Alors c'est vrai que cette question n'est pas évidente à comprendre mais elle est importante et tu verras après ça va aller tout seul.
En fait dans un premier temps tu dois trouver la taille de ton plasmide. Or la taille du plasmide correspond au plasmide sous sa forme linéaire. Ici, la forme linéaire c'est la piste 3.
- piste 1 = forme native = plasmide circulaire avec deux brins d'ADN
- piste 2 = hydrolyse sur un seul brin d'ADN
- piste 3 = hydrolyse des deux brins d'ADN via l'endonucléase = forme linéaire (ton plasmide est "étalé")

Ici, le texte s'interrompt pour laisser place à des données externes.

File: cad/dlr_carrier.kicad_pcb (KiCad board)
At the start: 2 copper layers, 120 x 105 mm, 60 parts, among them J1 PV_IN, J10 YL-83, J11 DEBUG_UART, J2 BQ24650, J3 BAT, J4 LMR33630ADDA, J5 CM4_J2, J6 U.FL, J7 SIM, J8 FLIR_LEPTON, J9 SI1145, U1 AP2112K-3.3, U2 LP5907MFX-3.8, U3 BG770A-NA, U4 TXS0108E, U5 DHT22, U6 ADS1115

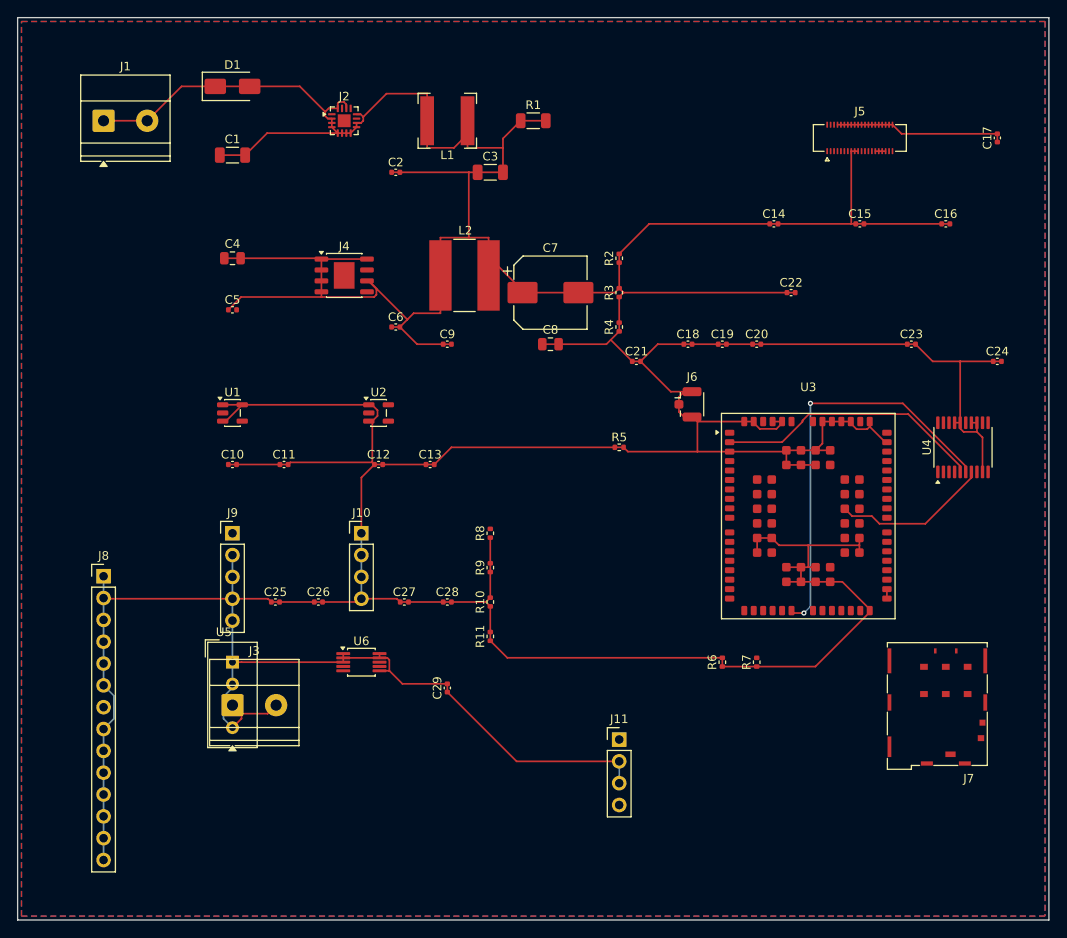
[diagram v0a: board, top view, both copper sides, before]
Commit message: 🗺 feat(cad): scripted schematic + board pipeline, 4-layer stack
The committed board had almost every pad on +3V3 — no 5V_RAIL, VBAT or SDA1 net
existed on it at all — so the gerbers in output/ were never a valid board. Cause:
"Update PCB from Schematic" is GUI-only, so nothing kept the board honest, and the
schematic generator itself was merging nets.

Schematic generator:
  * power stubs now run along the pin direction; they used to be forced up or down
    regardless, which drove a 5V_RAIL stub straight through the buck inductor's
    BUCK_SW pin
  * PWR_FLAGs are placed by rule — any net that reaches a power-input pin with no
    power-output pin gets exactly one — instead of a hardcoded list, which is what
    the new VBAT and CHG_VCC rails needed
  * placement is deterministic; it used Python's salted hash(), so no two runs
    produced the same schematic
  * sch_guard fails the build on any cross-net wire/pin collision
  * ~700 lines of dead single-sheet generator removed
  ERC: 0 violations across all 8 sheets.

Board pipeline (cad/drawing/, all scripted, no GUI step):
  sync_pcb      rebuilds every footprint from the library and reassigns every pad
                net from the SKiDL netlist — the replacement for F8
  board_setup   4-layer SIG/GND/5V/SIG stack, rules, net classes, planes (ADR-016)
  route_pcb     DSN -> Freerouting -> SES, after patching the DSN so plane layers
                are "power" (the router was slicing the planes with signals) and
                the plane declarations are dropped (the router had been leaving
                GND and 5V pads with no path to the plane at all)
  stitch_planes vias from surface pads into their plane
  close_gaps    closes what the router leaves, using real segment-to-segment
                clearance; it never forces copper through another net

DRC: 265 unconnected -> 5, with no clearance, short, annular-ring or courtyard
errors. The remaining 5 are escapes on the DF40, the VQFN and the MSOP; they are
l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
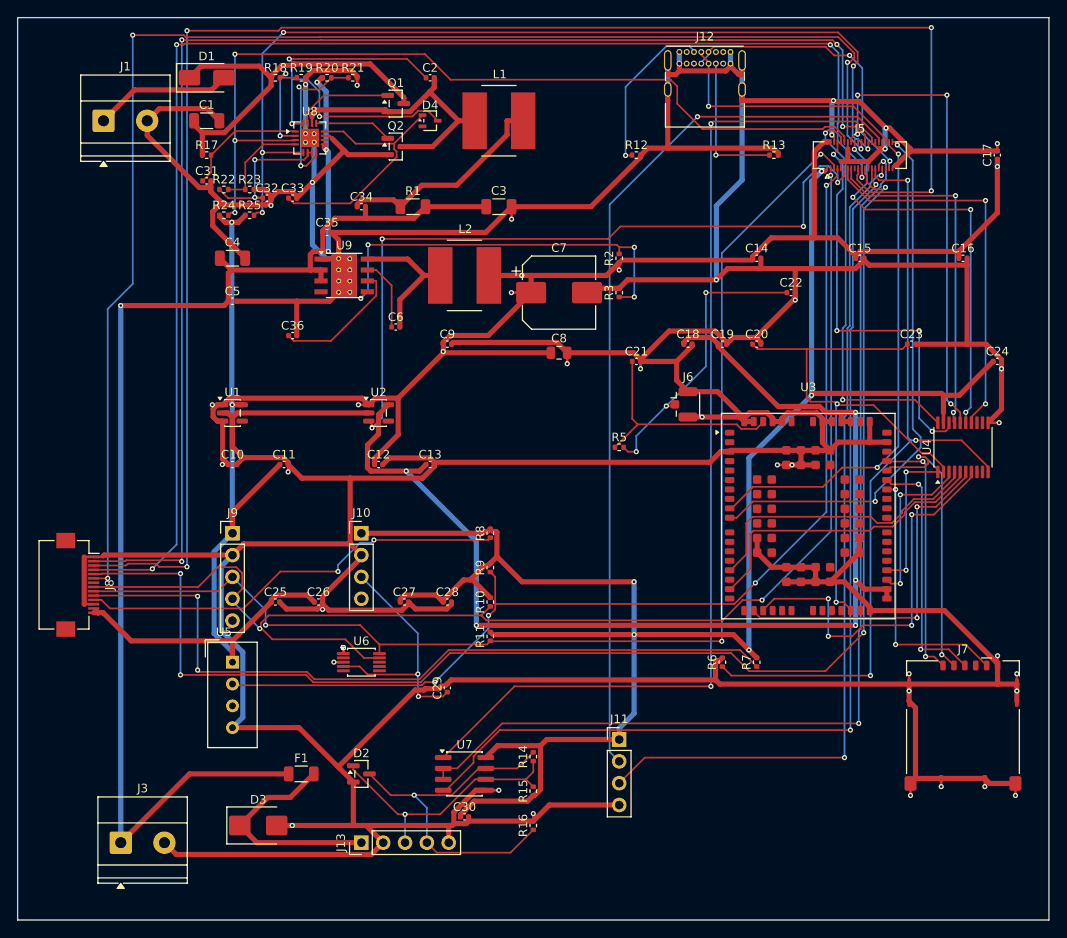
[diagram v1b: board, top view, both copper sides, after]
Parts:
- removed J2: BQ24650, Package_DFN_QFN:HVQFN-16-1EP_3x3mm_P0.5mm_EP1.5x1.5mm
- removed J4: LMR33630ADDA, Package_SO:HSOP-8-1EP_3.9x4.9mm_P1.27mm_EP2.41x3.1mm
- removed R4: 47k, Resistor_SMD:R_0402_1005Metric
- added C30: 100nF, Capacitor_SMD:C_0402_1005Metric, F.Cu at (152.0, 173.0)
- added C31: 1uF, Capacitor_SMD:C_0402_1005Metric, F.Cu at (122.0, 99.0)
- added C32: 1uF, Capacitor_SMD:C_0402_1005Metric, F.Cu at (129.0, 101.0)
- added C33: 1uF, Capacitor_SMD:C_0402_1005Metric, F.Cu at (132.0, 101.0)
- added C34: 100nF, Capacitor_SMD:C_0402_1005Metric, F.Cu at (140.0, 102.0)
- added C35: 100nF, Capacitor_SMD:C_0402_1005Metric, F.Cu at (136.0, 105.0)
- added C36: 1uF, Capacitor_SMD:C_0402_1005Metric, F.Cu at (132.0, 117.0)
- added D2: SM712-like, Package_TO_SOT_SMD:SOT-23, F.Cu at (140.0, 168.0)
- added D3: SMBJ24CA, Diode_SMD:D_SMB, F.Cu at (128.0, 174.0)
- added D4: BAT54W, Package_TO_SOT_SMD:SOT-323_SC-70, F.Cu at (148.0, 92.0)
- added F1: 250mA, Resistor_SMD:R_1206_3216Metric, F.Cu at (133.0, 168.0)
- added J12: USBC_COMMISSIONING, Connector_USB:USB_C_Receptacle_GCT_USB4085, F.Cu at (177.0, 84.0)
- added J13: ANEMO_M12_5P, Connector_PinHeader_2.54mm:PinHeader_1x05_P2.54mm_Vertical, F.Cu at (140.0, 176.0)
- added Q1: DMN4035L-7, Package_TO_SOT_SMD:SOT-23, F.Cu at (144.0, 90.0)
- added Q2: DMN4035L-7, Package_TO_SOT_SMD:SOT-23, F.Cu at (144.0, 95.0)
- added R12: 5.1k, Resistor_SMD:R_0402_1005Metric, F.Cu at (172.0, 96.0)
- added R13: 5.1k, Resistor_SMD:R_0402_1005Metric, F.Cu at (188.0, 96.0)
- added R14: 120, Resistor_SMD:R_0402_1005Metric, F.Cu at (160.0, 166.0)
- added R15: 680, Resistor_SMD:R_0402_1005Metric, F.Cu at (160.0, 170.0)
- added R16: 680, Resistor_SMD:R_0402_1005Metric, F.Cu at (160.0, 174.0)
- added R17: 10, Resistor_SMD:R_0402_1005Metric, F.Cu at (122.0, 96.0)
- added R18: 130k, Resistor_SMD:R_0402_1005Metric, F.Cu at (130.0, 87.0)
- added R19: 10k, Resistor_SMD:R_0402_1005Metric, F.Cu at (133.0, 87.0)
- added R20: 297k, Resistor_SMD:R_0402_1005Metric, F.Cu at (136.0, 87.0)
- added R21: 49.9k, Resistor_SMD:R_0402_1005Metric, F.Cu at (139.0, 87.0)
- added R22: 10k, Resistor_SMD:R_0402_1005Metric, F.Cu at (124.0, 100.0)
- added R23: 15k, Resistor_SMD:R_0402_1005Metric, F.Cu at (127.0, 100.0)
- added R24: 10k, Resistor_SMD:R_0402_1005Metric, F.Cu at (124.0, 103.0)
- added R25: 10k, Resistor_SMD:R_0402_1005Metric, F.Cu at (127.0, 103.0)
- added U7: SP3485EN, Package_SO:SOIC-8_3.9x4.9mm_P1.27mm, F.Cu at (152.0, 168.0)
- added U8: BQ24650RVAR, Package_DFN_QFN:Texas_RVA_VQFN-16-1EP_3.5x3.5mm_P0.5mm_EP2.14x2.14mm_ThermalVias, F.Cu at (134.0, 94.0)
- added U9: LMR33630ADDA, Package_SO:Texas_HSOP-8-1EP_3.9x4.9mm_P1.27mm_ThermalVias, F.Cu at (138.0, 110.0)
- C4: value 4.7uF -> 10uF; footprint Capacitor_SMD:C_0805_2012Metric -> Capacitor_SMD:C_1206_3216Metric
- C5: value 100nF -> 220nF
- J8: value FLIR_LEPTON -> FLIR_LEPTON_FFC; footprint Connector_PinHeader_2.54mm:PinHeader_1x14_P2.54mm_Vertical -> Connector_FFC-FPC:Hirose_FH12-14S-0.5SH_1x14-1MP_P0.50mm_Horizontal
- L1: footprint Inductor_SMD:L_Bourns-SRN6028 -> Inductor_SMD:L_Bourns_SRN8040TA
- L2: footprint Inductor_SMD:L_Bourns-SRN8040_8x8.15mm -> Inductor_SMD:L_Bourns_SRN8040TA
- R2: value 39.2k -> 100k
- R3: value 10k -> 24.9k
- moved J3 20.6 mm to (112.0, 176.0)
- moved R1 17.2 mm to (146.0, 102.0)
- moved C2 11.7 mm to (148.0, 87.0)
- moved L1 6.00 mm to (156.0, 92.0)
- moved C1 5.00 mm to (122.0, 92.0)
- moved C14 4.47 mm to (186.0, 108.0)
- moved C16 4.47 mm to (210.0, 108.0)
- moved J7 4.47 mm to (210.0, 162.0)
- moved C3 4.12 mm to (156.0, 102.0)
- moved C15 4.00 mm to (198.0, 108.0)
- moved D1 3.16 mm to (122.0, 87.0)
- moved J8 3.16 mm to (107.0, 146.0), turned to -90 degrees
- moved C17 2.00 mm to (214.0, 96.0)
- moved J5 2.00 mm to (198.0, 96.0)
- moved C8 1.41 mm to (163.0, 119.0)
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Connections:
- C1 pad 1: +3V3 -> PV_IN
- C1 pad 2: +3V3 -> GND
- C10 pad 1: +3V3 -> 5V_RAIL
- C10 pad 2: +3V3 -> GND
- C11 pad 1: +3V3 -> 3V3
- C11 pad 2: +3V3 -> GND
- C12 pad 1: +3V3 -> 5V_RAIL
- C12 pad 2: +3V3 -> GND
- C13 pad 1: +3V3 -> 3V8_CELL
- C13 pad 2: +3V3 -> GND
- C14 pad 1: +3V3 -> 5V_RAIL
- C14 pad 2: +3V3 -> GND
- C15 pad 1: +3V3 -> 5V_RAIL
- C15 pad 2: +3V3 -> GND
- C16 pad 1: +3V3 -> 5V_RAIL
- C16 pad 2: +3V3 -> GND
- C17 pad 1: +3V3 -> 5V_RAIL
- C17 pad 2: +3V3 -> GND
- C18 pad 1: +3V3 -> 3V8_CELL
- C18 pad 2: +3V3 -> GND
- C19 pad 1: +3V3 -> 3V8_CELL
- C19 pad 2: +3V3 -> GND
- C2 pad 1: +3V3 -> CHG_BTST
- C2 pad 2: +3V3 -> MPPT_SW
- C20 pad 1: +3V3 -> VDD_EXT_1V8
- C20 pad 2: +3V3 -> GND
- C21 pad 1: +3V3 -> ANT_IN
- C21 pad 2: +3V3 -> GND
- C22 pad 1: +3V3 -> ANT_MATCH
- C22 pad 2: +3V3 -> GND
- C23 pad 1: +3V3 -> VDD_EXT_1V8
- C23 pad 2: +3V3 -> GND
- C24 pad 1: +3V3 -> 3V3
- C24 pad 2: +3V3 -> GND
- C25 pad 1: +3V3 -> 3V3
- C25 pad 2: +3V3 -> GND
- C26 pad 1: +3V3 -> 3V3
- C26 pad 2: +3V3 -> GND
- C27 pad 1: +3V3 -> 3V3
- C27 pad 2: +3V3 -> GND
- C28 pad 1: +3V3 -> 3V3
- C28 pad 2: +3V3 -> GND
- C29 pad 1: +3V3 -> RAIN_AO
- C29 pad 2: +3V3 -> GND
- C3 pad 1: +3V3 -> VBAT
- C3 pad 2: +3V3 -> GND
- C4 pad 1: +3V3 -> VBAT
- C4 pad 2: +3V3 -> GND
- C5 pad 1: +3V3 -> VBAT
- C6 pad 1: +3V3 -> BUCK_BOOT
- C6 pad 2: +3V3 -> BUCK_SW
- C7 pad 1: +3V3 -> 5V_RAIL
- C7 pad 2: +3V3 -> GND
- C8 pad 1: +3V3 -> 5V_RAIL
- C8 pad 2: +3V3 -> GND
- C9 pad 1: +3V3 -> 5V_RAIL
- C9 pad 2: +3V3 -> GND
- D1 pad 1: +3V3 -> PV_IN
- D1 pad 2: +3V3 -> PV_RAW
- J1 pad 1: +3V3 -> PV_RAW
- J1 pad 2: +3V3 -> GND
- J10 pad 1: +3V3 -> 3V3
- J10 pad 2: +3V3 -> GND
- J10 pad 3: +3V3 -> RAIN_AO
- J10 pad 4: +3V3 -> unconnected-(J10-Pad4)
- J11 pad 1: /DBG_RX -> 3V3
- J11 pad 2: +3V3 -> DBG_TX
- J11 pad 3: +3V3 -> DBG_RX
- J11 pad 4: unconnected-(J11-Pin_4-Pad4) -> GND
- J3 pad 1: +3V3 -> VBAT
- J3 pad 2: +3V3 -> GND
- J5 pad 1: +3V3 -> 3V3
- J5 pad 10: +3V3 -> UART_RX_3V3
- J5 pad 11: /USB_DP -> CELL_EN
- J5 pad 12: +3V3 -> CHG_STAT1
- J5 pad 13: +3V3 -> CELL_NET_STATUS
- J5 pad 14: +3V3 -> GND
- J5 pad 15: +3V3 -> CELL_PWRKEY
- J5 pad 16: +3V3 -> CELL_RESET
- J5 pad 17: +3V3 -> 3V3
- J5 pad 18: +3V3 -> CELL_STATUS
- J5 pad 19: +3V3 -> SPI0_MOSI
- J5 pad 2: unconnected-(J5-Pin_2-Pad2) -> 5V_RAIL
- J5 pad 20: +3V3 -> GND
- J5 pad 21: +3V3 -> SPI0_MISO
- J5 pad 22: +3V3 -> GPIO25_VSYNC
- J5 pad 23: /CELL_PWRKEY -> SPI0_SCLK
- J5 pad 24: +3V3 -> SPI0_CE0
- J5 pad 25: /CELL_NET_STATUS -> GND
- J5 pad 26: +3V3 -> CHG_STAT2
- J5 pad 27: +3V3 -> ANEMO_UART_TX
- J5 pad 28: +3V3 -> ANEMO_UART_RX
- J5 pad 29: +3V3 -> SHIFTER_OE
- J5 pad 3: +3V3 -> SDA1
- J5 pad 30: +3V3 -> GND
- J5 pad 31: +3V3 -> ANEMO_DE
- J5 pad 32: +3V3 -> DBG_TX
- J5 pad 33: +3V3 -> DBG_RX
- J5 pad 34: +3V3 -> GND
- J5 pad 35: +3V3 -> unconnected-(J5-Pad35)
- J5 pad 36: +3V3 -> USB_CMSN_DP
- J5 pad 37: +3V3 -> USB_CMSN_DM
- J5 pad 38: +3V3 -> USB_DP
- J5 pad 39: unconnected-(J5-Pin_39-Pad39) -> GND
- J5 pad 4: unconnected-(J5-Pin_4-Pad4) -> 5V_RAIL
- J5 pad 40: +3V3 -> USB_DM
- J5 pad 5: /DBG_RX -> SCL1
- J5 pad 6: +3V3 -> GND
- J5 pad 7: unconnected-(J5-Pin_7-Pad7) -> GPIO4_DHT22
- J5 pad 8: +3V3 -> UART_TX_3V3
- J5 pad 9: +3V3 -> GND
- J6 pad 1: +3V3 -> ANT_MATCH
- J6 pad 2: +3V3 -> GND
- J7 pad SH: (no net) -> GND
- J8 pad 1: +3V3 -> GND
- J8 pad 10: +3V3 -> N$5
- J8 pad 11: +3V3 -> N$6
- J8 pad 12: +3V3 -> GND
- J8 pad 13: +3V3 -> 3V3
- J8 pad 14: +3V3 -> 3V3
- J8 pad 2: +3V3 -> SPI0_CE0
- J8 pad 3: +3V3 -> SPI0_MOSI
- J8 pad 4: +3V3 -> SPI0_MISO
- J8 pad 5: +3V3 -> SPI0_SCLK
- J8 pad 6: +3V3 -> GPIO25_VSYNC
- J8 pad 8: +3V3 -> SDA1
- J8 pad 9: +3V3 -> SCL1
- J9 pad 1: unconnected-(J9-Pin_1-Pad1) -> 3V3
- J9 pad 2: +3V3 -> GND
- J9 pad 3: +3V3 -> SCL1
- J9 pad 4: +3V3 -> SDA1
- J9 pad 5: +3V3 -> unconnected-(J9-Pad5)
- L1 pad 1: +3V3 -> MPPT_SW
- L1 pad 2: +3V3 -> BAT_SRP
- L2 pad 1: +3V3 -> BUCK_SW
- L2 pad 2: +3V3 -> 5V_RAIL
- R1 pad 1: +3V3 -> BAT_SRP
- R1 pad 2: +3V3 -> VBAT
- R10 pad 1: +3V3 -> SDA1
- R10 pad 2: +3V3 -> 3V3
- R11 pad 1: +3V3 -> SCL1
- R11 pad 2: +3V3 -> 3V3
- R2 pad 1: +3V3 -> 5V_RAIL
- R2 pad 2: +3V3 -> BUCK_FB
- R3 pad 1: +3V3 -> BUCK_FB
- R3 pad 2: +3V3 -> GND
- R5 pad 1: +3V3 -> ANT_IN
- R5 pad 2: +3V3 -> ANT_MATCH
- R6 pad 1: +3V3 -> SHIFTER_OE
- R6 pad 2: +3V3 -> GND
- R7 pad 1: +3V3 -> N$5
- R7 pad 2: unconnected-(R7-Pad2) -> 3V3
- R8 pad 1: +3V3 -> N$6
- R8 pad 2: unconnected-(R8-Pad2) -> 3V3
- R9 pad 1: +3V3 -> GPIO4_DHT22
- R9 pad 2: +3V3 -> 3V3
- U1 pad 1: +3V3 -> 5V_RAIL
- U1 pad 2: unconnected-(U1-GND-Pad2) -> GND
- U1 pad 3: +3V3 -> 5V_RAIL
- U1 pad 5: +3V3 -> 3V3
- U2 pad 1: +3V3 -> 5V_RAIL
- U2 pad 2: unconnected-(U2-GND-Pad2) -> GND
- U2 pad 3: +3V3 -> CELL_EN
- U2 pad 5: unconnected-(U2-OUT-Pad5) -> 3V8_CELL
- U3 pad 1: unconnected-(U3-PSM_IND-Pad1) -> (no net)
- U3 pad 10: unconnected-(U3-USB_DM-Pad10) -> USB_DM
- U3 pad 100: +3V3 -> GND
- U3 pad 101: +3V3 -> GND
- U3 pad 102: +3V3 -> GND
- U3 pad 11: unconnected-(U3-RESERVED-Pad11) -> (no net)
- U3 pad 12: unconnected-(U3-RESERVED-Pad12) -> (no net)
- U3 pad 13: unconnected-(U3-RESERVED-Pad13) -> (no net)
- U3 pad 14: unconnected-(U3-RESERVED-Pad14) -> (no net)
- U3 pad 15: unconnected-(U3-PWRKEY-Pad15) -> CELL_PWRKEY_1V8
- U3 pad 16: unconnected-(U3-RESERVED-Pad16) -> (no net)
- U3 pad 17: unconnected-(U3-~{RESET}-Pad17) -> CELL_RESET_1V8
- U3 pad 18: unconnected-(U3-GPIO5-Pad18) -> (no net)
- U3 pad 19: unconnected-(U3-GPIO6-Pad19) -> (no net)
- U3 pad 2: /CELL_RESET_1V8 -> (no net)
- U3 pad 20: unconnected-(U3-STATUS-Pad20) -> CELL_STATUS_1V8
- U3 pad 21: unconnected-(U3-NET_STATUS-Pad21) -> CELL_NET_1V8
- U3 pad 22: unconnected-(U3-GPIO7-Pad22) -> (no net)
- U3 pad 23: unconnected-(U3-GPIO8-Pad23) -> (no net)
- U3 pad 24: /CELL_PWRKEY_1V8 -> (no net)
- U3 pad 25: unconnected-(U3-GPIO9-Pad25) -> (no net)
- U3 pad 26: unconnected-(U3-GPIO10-Pad26) -> (no net)
- U3 pad 27: unconnected-(U3-GPIO11-Pad27) -> (no net)
- U3 pad 28: unconnected-(U3-GPIO12-Pad28) -> (no net)
- U3 pad 29: unconnected-(U3-VDD_EXT-Pad29) -> VDD_EXT_1V8
- U3 pad 3: +3V3 -> GND
- U3 pad 30: unconnected-(U3-MAIN_DTR-Pad30) -> (no net)
- U3 pad 31: +3V3 -> GND
- U3 pad 32: Net-(U3-VBAT_BB-Pad32) -> 3V8_CELL
- U3 pad 33: Net-(U3-VBAT_BB-Pad32) -> 3V8_CELL
- U3 pad 34: unconnected-(U3-MAIN_RXD-Pad34) -> CELL_RX_1V8
- U3 pad 35: unconnected-(U3-MAIN_TXD-Pad35) -> CELL_TX_1V8
- U3 pad 36: unconnected-(U3-MAIN_CTS-Pad36) -> (no net)
- U3 pad 37: unconnected-(U3-MAIN_RTS-Pad37) -> (no net)
- U3 pad 38: unconnected-(U3-MAIN_DCD-Pad38) -> (no net)
- U3 pad 39: unconnected-(U3-MAIN_RI-Pad39) -> (no net)
- U3 pad 4: unconnected-(U3-GPIO1-Pad4) -> (no net)
- U3 pad 40: unconnected-(U3-GPIO13-Pad40) -> (no net)
- U3 pad 41: unconnected-(U3-GPIO14-Pad41) -> (no net)
- U3 pad 42: unconnected-(U3-USIM_DET-Pad42) -> (no net)
- U3 pad 43: unconnected-(U3-USIM_VDD-Pad43) -> N$1
- U3 pad 44: unconnected-(U3-USIM_RST-Pad44) -> N$2
- U3 pad 45: unconnected-(U3-USIM_DATA-Pad45) -> N$4
- U3 pad 46: unconnected-(U3-USIM_CLK-Pad46) -> N$3
- U3 pad 47: unconnected-(U3-USIM_GND-Pad47) -> (no net)
- U3 pad 48: +3V3 -> GND
- U3 pad 49: unconnected-(U3-ANT_GNSS-Pad49) -> (no net)
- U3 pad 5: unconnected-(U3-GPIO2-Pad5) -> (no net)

Tu lis que ton plasmide en forme linéaire fait 4,36 kpb.
Si on revient à la question, on regarde la piste 5 (traitement avec BamH 1). On voit une bande à 2,5 et une bande à 1 ce qui donne 3,50. Mais notre plasmide pèse 4,36 kpb donc une deuxième bande se cache en 1 (superposition de deux fragments) pour qu'on obtienne environ 4,50 kpb.
Donc ça nous fait au total 3 fragments qui ont été généré par l'enzyme BamH 1 donc trois sites de restriction.
1er site de restriction: section du plasmide (circulaire) en ADN linéaire.
2ème site de restriction: section de l'ADN linéaire en 2 fragments d'ADN linéaire.
3ème site de restriction: section d'un des deux fragments d'ADN linéaire en 2 autres fragments d'ADN linéaires.